## What the task requires
Gather all lines in the records below that include the word "ezdxf".

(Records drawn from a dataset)
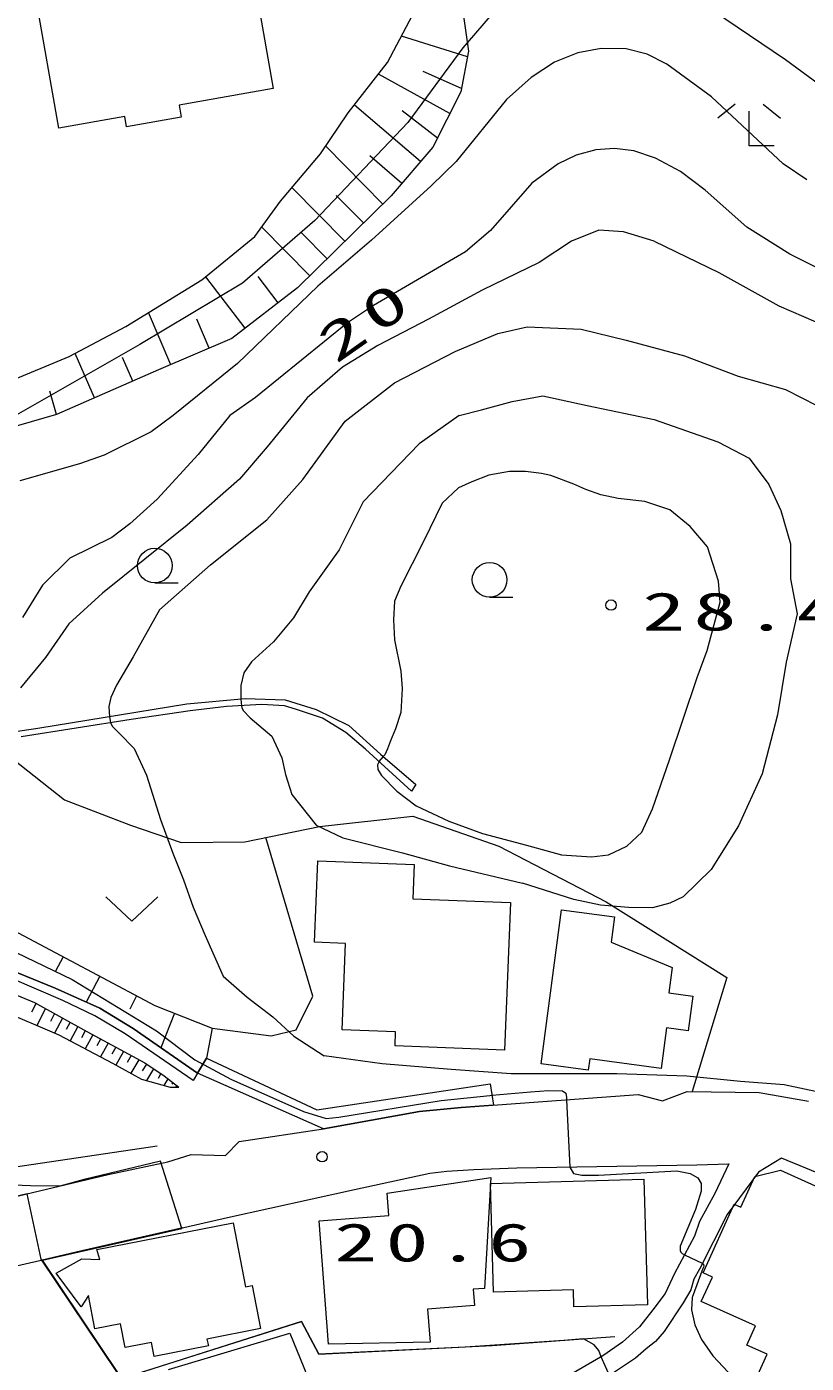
# Model space of a CAD drawing. Units: millimetres on the paper. Extents: x 20 to 1662, y 20 to 574.
# Drawn here: x 77.91 to 89.15, y 174.82 to 194.08 of the extents above; entities that cross this region are included whole.
import ezdxf

# ---------------------------------------------------------------- set-up
doc = ezdxf.new("R2010")
doc.units = ezdxf.units.MM
doc.layers.add('D-SUV', color=8, linetype='Continuous', lineweight=13)
doc.styles.add('ＭＳ ゴシック', font='')
doc.styles.get('ＭＳ ゴシック').set_extended_font_data('MS Gothic')

msp = doc.modelspace()

# ---------------------------------------------------------------- linework, layer by layer
at = {"layer": 'D-SUV'}
for p, q in [((81.107, 195.237), (81.467, 193.187)), ((84.125, 194.843), (84.285, 193.725)), ((78.377, 192.617), (78.013, 194.693)), ((83.117, 193.561), (83.695, 194.659)), ((84.623, 194.261), (84.267, 193.847)), ((88.853, 193.601), (87.815, 194.301)), ((84.269, 193.643), (83.317, 193.941)), ((84.201, 193.771), (83.409, 192.699)), ((84.267, 193.847), (84.201, 193.771)), ((86.199, 193.761), (85.859, 193.703)), ((86.555, 193.757), (86.199, 193.761)), ((86.861, 193.683), (86.555, 193.757)), ((84.285, 193.725), (84.173, 193.137)), ((85.525, 193.567), (85.187, 193.345)), ((85.859, 193.703), (85.525, 193.567)), ((87.145, 193.537), (86.861, 193.683)), ((90.069, 192.707), (88.853, 193.601)), ((82.551, 192.835), (83.117, 193.561)), ((84.013, 192.825), (82.987, 193.395)), ((84.181, 193.185), (83.629, 193.433)), ((87.789, 193.065), (87.145, 193.537)), ((81.467, 193.187), (80.111, 192.949)), ((85.187, 193.345), (84.833, 193.027)), ((84.173, 193.137), (83.769, 192.343)), ((84.833, 193.027), (84.105, 192.135)), ((88.819, 192.103), (87.789, 193.065)), ((80.111, 192.949), (80.141, 192.773)), ((82.149, 192.247), (82.551, 192.835)), ((83.591, 192.137), (82.641, 192.949)), ((83.835, 192.473), (83.327, 192.863)), ((88.131, 192.959), (87.881, 192.759)), ((88.331, 192.359), (88.331, 192.859)), ((88.531, 192.959), (88.781, 192.759)), ((79.327, 192.785), (78.377, 192.617)), ((79.353, 192.635), (79.327, 192.785)), ((80.141, 192.773), (79.353, 192.635)), ((83.409, 192.699), (82.067, 191.287)), ((81.571, 191.561), (82.149, 192.247)), ((83.047, 191.521), (82.225, 192.357)), ((83.321, 191.819), (82.859, 192.215)), ((83.769, 192.343), (83.167, 191.639)), ((85.837, 192.227), (85.579, 192.103)), ((86.119, 192.305), (85.837, 192.227)), ((86.389, 192.321), (86.119, 192.305)), ((86.667, 192.289), (86.389, 192.321)), ((86.981, 192.181), (86.667, 192.289)), ((88.691, 192.359), (88.331, 192.359)), ((84.105, 192.135), (83.745, 191.783)), ((85.579, 192.103), (85.199, 191.823)), ((87.341, 191.991), (86.981, 192.181)), ((89.161, 191.871), (88.819, 192.103)), ((87.697, 191.721), (87.341, 191.991)), ((82.503, 190.987), (81.739, 191.761)), ((83.167, 191.639), (81.819, 190.313)), ((82.769, 191.249), (82.375, 191.647)), ((83.745, 191.783), (82.887, 191.001)), ((85.199, 191.823), (84.603, 191.139)), ((88.297, 191.189), (87.697, 191.721)), ((81.203, 191.053), (81.571, 191.561)), ((82.067, 191.287), (81.027, 190.381)), ((81.997, 190.487), (81.303, 191.191)), ((82.245, 190.731), (81.877, 191.105)), ((84.603, 191.139), (84.243, 190.831)), ((86.165, 191.145), (85.767, 190.989)), ((86.519, 191.123), (86.165, 191.145)), ((86.963, 190.989), (86.519, 191.123)), ((88.917, 190.801), (88.297, 191.189)), ((80.439, 190.431), (81.203, 191.053)), ((82.887, 191.001), (82.111, 190.337)), ((85.767, 190.989), (85.301, 190.679)), ((86.963, 190.989), (87.895, 190.535)), ((84.243, 190.831), (82.913, 190.061)), ((85.301, 190.679), (84.481, 190.281)), ((90.133, 190.191), (88.917, 190.801)), ((87.895, 190.535), (88.759, 190.053)), ((79.341, 189.759), (80.439, 190.431)), ((81.027, 190.381), (79.545, 189.497)), ((81.065, 189.733), (80.495, 190.475)), ((81.819, 190.313), (80.873, 189.585)), ((82.111, 190.337), (80.953, 189.225)), ((81.541, 190.099), (81.249, 190.477)), ((84.481, 190.281), (83.707, 189.861)), ((79.993, 189.207), (79.671, 189.961)), ((82.913, 190.061), (82.539, 189.811)), ((88.759, 190.053), (89.471, 189.749)), ((78.527, 189.323), (79.341, 189.759)), ((80.545, 189.445), (80.365, 189.861)), ((82.539, 189.811), (81.213, 188.735)), ((83.707, 189.861), (82.975, 189.483)), ((84.709, 189.657), (85.129, 189.753)), ((85.129, 189.753), (85.907, 189.721)), ((85.907, 189.721), (86.555, 189.559)), ((80.873, 189.585), (79.815, 189.131)), ((84.093, 189.397), (84.709, 189.657)), ((86.555, 189.559), (87.397, 189.333)), ((79.545, 189.497), (77.341, 188.243)), ((78.893, 188.729), (78.613, 189.369)), ((82.975, 189.483), (82.467, 189.173)), ((83.219, 188.945), (84.093, 189.397)), ((87.397, 189.333), (88.173, 189.041)), ((77.637, 188.957), (78.527, 189.323)), ((79.443, 188.969), (79.293, 189.311)), ((80.953, 189.225), (80.025, 188.475)), ((82.467, 189.173), (81.957, 188.731)), ((79.815, 189.131), (78.343, 188.489)), ((82.507, 188.395), (83.219, 188.945)), ((88.173, 189.041), (88.853, 188.847)), ((78.343, 188.489), (78.245, 188.827)), ((84.913, 188.677), (85.355, 188.757)), ((85.355, 188.757), (85.997, 188.617)), ((88.853, 188.847), (89.305, 188.621)), ((81.213, 188.735), (80.845, 188.477)), ((81.957, 188.731), (81.381, 188.023)), ((84.151, 188.477), (84.471, 188.557)), ((84.471, 188.557), (84.913, 188.677)), ((85.997, 188.617), (86.959, 188.417)), ((78.343, 188.489), (77.615, 188.279)), ((80.025, 188.475), (79.707, 188.239)), ((80.845, 188.477), (80.387, 187.911)), ((81.893, 187.553), (82.507, 188.395)), ((84.151, 188.477), (83.573, 188.065)), ((86.959, 188.417), (87.881, 188.095)), ((79.707, 188.239), (79.031, 187.903)), ((81.381, 188.023), (80.981, 187.557)), ((83.573, 188.065), (82.767, 187.229)), ((87.881, 188.095), (88.329, 187.861)), ((79.031, 187.903), (78.677, 187.779)), ((80.387, 187.911), (79.795, 187.267)), ((88.329, 187.861), (88.613, 187.481)), ((78.677, 187.779), (77.813, 187.533)), ((84.577, 187.617), (84.331, 187.521)), ((84.877, 187.667), (84.577, 187.617)), ((85.107, 187.667), (84.877, 187.667)), ((85.339, 187.641), (85.107, 187.667)), ((85.469, 187.611), (85.339, 187.641)), ((85.803, 187.485), (85.469, 187.611)), ((80.981, 187.557), (80.229, 186.893)), ((81.375, 186.971), (81.893, 187.553)), ((84.141, 187.433), (83.903, 187.209)), ((84.331, 187.521), (84.141, 187.433)), ((85.975, 187.407), (85.803, 187.485)), ((86.191, 187.333), (85.975, 187.407)), ((88.613, 187.481), (88.789, 187.107)), ((79.795, 187.267), (79.403, 186.915)), ((82.767, 187.229), (82.421, 186.539)), ((83.903, 187.209), (83.633, 186.661)), ((86.443, 187.279), (86.191, 187.333)), ((86.827, 187.237), (86.443, 187.279)), ((87.187, 187.117), (86.827, 187.237)), ((87.481, 186.877), (87.187, 187.117)), ((88.789, 187.107), (88.929, 186.627)), ((80.229, 186.893), (79.005, 185.913)), ((79.403, 186.915), (79.139, 186.715)), ((80.565, 186.325), (81.375, 186.971)), ((87.729, 186.581), (87.481, 186.877)), ((79.139, 186.715), (78.537, 186.419)), ((83.633, 186.661), (83.309, 186.013)), ((82.421, 186.539), (81.989, 185.935)), ((87.889, 186.089), (87.729, 186.581)), ((88.929, 186.627), (88.929, 186.123)), ((78.537, 186.419), (78.143, 186.029)), ((79.831, 185.675), (80.565, 186.325)), ((79.761, 186.061), (80.096, 186.061)), ((87.911, 185.783), (87.889, 186.089)), ((88.929, 186.123), (89.023, 185.617)), ((78.143, 186.029), (77.853, 185.563)), ((79.005, 185.913), (78.519, 185.471)), ((81.989, 185.935), (81.759, 185.561)), ((83.309, 186.013), (83.219, 185.797)), ((79.831, 185.675), (79.451, 184.997)), ((83.219, 185.797), (83.201, 185.529)), ((84.589, 185.857), (84.924, 185.857)), ((87.725, 185.087), (87.911, 185.783)), ((81.759, 185.561), (81.471, 185.215)), ((83.201, 185.529), (83.219, 185.241)), ((89.023, 185.617), (88.865, 184.921)), ((78.519, 185.471), (78.187, 184.985)), ((81.471, 185.215), (81.155, 184.927)), ((83.219, 185.241), (83.309, 184.791)), ((78.187, 184.985), (77.825, 184.551)), ((79.451, 184.997), (79.207, 184.591)), ((81.155, 184.927), (81.045, 184.765)), ((87.581, 184.697), (87.725, 185.087)), ((88.865, 184.921), (88.739, 184.163)), ((81.045, 184.765), (80.999, 184.585)), ((83.309, 184.791), (83.327, 184.539)), ((79.207, 184.591), (79.129, 184.413)), ((80.999, 184.585), (80.999, 184.433)), ((83.327, 184.539), (83.309, 184.197)), ((87.181, 183.515), (87.581, 184.697)), ((78.073, 183.967), (80.221, 184.321)), ((79.129, 184.413), (79.097, 184.281)), ((80.221, 184.321), (81.065, 184.395)), ((80.999, 184.433), (81.003, 184.389)), ((81.003, 184.389), (81.013, 184.293)), ((81.065, 184.395), (81.639, 184.375)), ((81.639, 184.375), (82.087, 184.239)), ((79.097, 184.281), (79.103, 184.199)), ((79.103, 184.199), (79.107, 184.139)), ((79.107, 184.139), (79.123, 184.047)), ((80.273, 184.217), (79.419, 184.093)), ((80.795, 184.281), (80.273, 184.217)), ((81.305, 184.311), (80.795, 184.281)), ((81.013, 184.293), (81.015, 184.267)), ((81.015, 184.267), (81.035, 184.223)), ((81.035, 184.223), (81.135, 184.119)), ((81.629, 184.291), (81.305, 184.311)), ((81.805, 184.239), (81.629, 184.291)), ((82.181, 184.113), (81.805, 184.239)), ((82.087, 184.239), (82.557, 184.009)), ((83.309, 184.197), (83.233, 183.959)), ((88.739, 184.163), (88.517, 183.309)), ((77.239, 183.843), (78.073, 183.967)), ((79.419, 184.093), (77.833, 183.843)), ((79.123, 184.047), (79.149, 183.991)), ((79.149, 183.991), (79.245, 183.895)), ((81.135, 184.119), (81.447, 183.853)), ((82.515, 183.905), (82.181, 184.113)), ((82.557, 184.009), (83.015, 183.593)), ((83.233, 183.959), (83.157, 183.787)), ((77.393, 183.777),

## Finished task
import ezdxf
doc = ezdxf.new("R2010")
doc.units = ezdxf.units.MM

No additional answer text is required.